[Stored entries]
····················

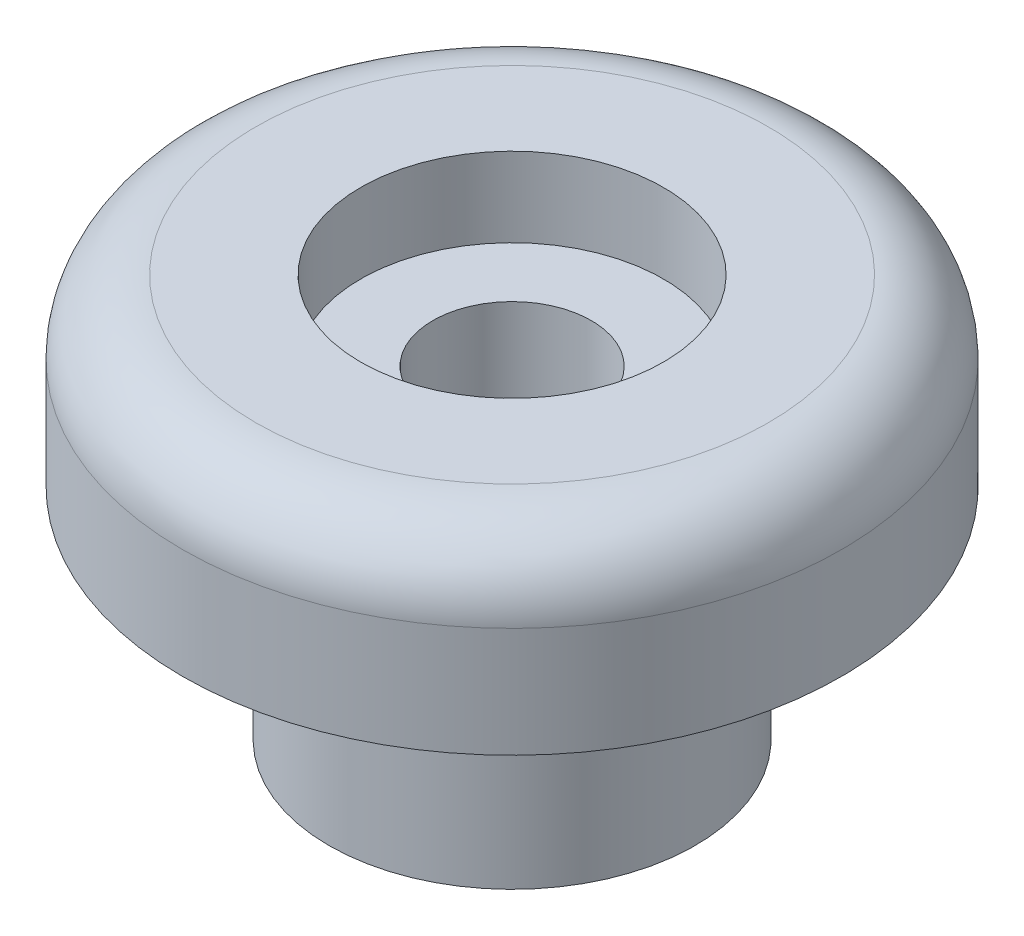
from build123d import *

# Parameters (mm, degrees)
SKETCH1_R                       = 6.35
BOSS_EXTRUDE1_DEPTH             = 8.89
BOSS_EXTRUDE2_DEPTH             = 5.08
BOSS_EXTRUDE2_DEPTH_BACK        = 1.27
SKETCH2_R                       = 11.43
CBORE_FOR_M5_SBHCS1_D           = 5.5
CBORE_FOR_M5_SBHCS1_CBORE_D     = 10.5
CBORE_FOR_M5_SBHCS1_CBORE_DEPTH = 2.75
FILLET1_R                       = 2.54


with BuildPart() as part:
    # Sketch1 → Boss-Extrude1 (new body)
    with BuildSketch(Plane(origin=(0, 0, 0), x_dir=(1, 0, 0), z_dir=(0, 1, 0))):
        with Locations(Location((0, 0, 0), (0, 0, 270))):
            Circle(SKETCH1_R)
    extrude(amount=BOSS_EXTRUDE1_DEPTH)

    # Sketch2 → Boss-Extrude2 (add, two sides: drawn at the far end of the back side and taken through both)
    with BuildSketch(Plane(origin=(0, 8.89, 0), x_dir=(1, 0, 0), z_dir=(0, 1, 0)).offset(-BOSS_EXTRUDE2_DEPTH_BACK)):
        with Locations(Location((0, 0, 0), (0, 0, 270))):
            Circle(SKETCH2_R)
    extrude(amount=BOSS_EXTRUDE2_DEPTH + BOSS_EXTRUDE2_DEPTH_BACK)

    # CBORE for M5 SBHCS1 (through all)
    with Locations(Plane(origin=(0, 13.97, 0), x_dir=(1, 0, 0), z_dir=(0, 1, 0))):
        with Locations((0, 0)):
            CounterBoreHole(CBORE_FOR_M5_SBHCS1_D / 2, CBORE_FOR_M5_SBHCS1_CBORE_D / 2, CBORE_FOR_M5_SBHCS1_CBORE_DEPTH)

    # Fillet1
    fillet1_edges = [part.edges().sort_by_distance(p)[0] for p in [
        (0, 13.97, -11.43),
    ]]
    fillet(fillet1_edges, radius=FILLET1_R)


solid = part.part

····················

- [WHAT NEEDS TO BE DONE]
The answer should contain nothing but the lines from the top of the data above through the line containing "# CBORE for M5 SBHCS1 (through all)", copied exactly, with no images.

- [SOLVED EXERCISE]
from build123d import *

# Parameters (mm, degrees)
SKETCH1_R                       = 6.35
BOSS_EXTRUDE1_DEPTH             = 8.89
BOSS_EXTRUDE2_DEPTH             = 5.08
BOSS_EXTRUDE2_DEPTH_BACK        = 1.27
SKETCH2_R                       = 11.43
CBORE_FOR_M5_SBHCS1_D           = 5.5
CBORE_FOR_M5_SBHCS1_CBORE_D     = 10.5
CBORE_FOR_M5_SBHCS1_CBORE_DEPTH = 2.75
FILLET1_R                       = 2.54


with BuildPart() as part:
    # Sketch1 → Boss-Extrude1 (new body)
    with BuildSketch(Plane(origin=(0, 0, 0), x_dir=(1, 0, 0), z_dir=(0, 1, 0))):
        with Locations(Location((0, 0, 0), (0, 0, 270))):
            Circle(SKETCH1_R)
    extrude(amount=BOSS_EXTRUDE1_DEPTH)

    # Sketch2 → Boss-Extrude2 (add, two sides: drawn at the far end of the back side and taken through both)
    with BuildSketch(Plane(origin=(0, 8.89, 0), x_dir=(1, 0, 0), z_dir=(0, 1, 0)).offset(-BOSS_EXTRUDE2_DEPTH_BACK)):
        with Locations(Location((0, 0, 0), (0, 0, 270))):
            Circle(SKETCH2_R)
    extrude(amount=BOSS_EXTRUDE2_DEPTH + BOSS_EXTRUDE2_DEPTH_BACK)

    # CBORE for M5 SBHCS1 (through all)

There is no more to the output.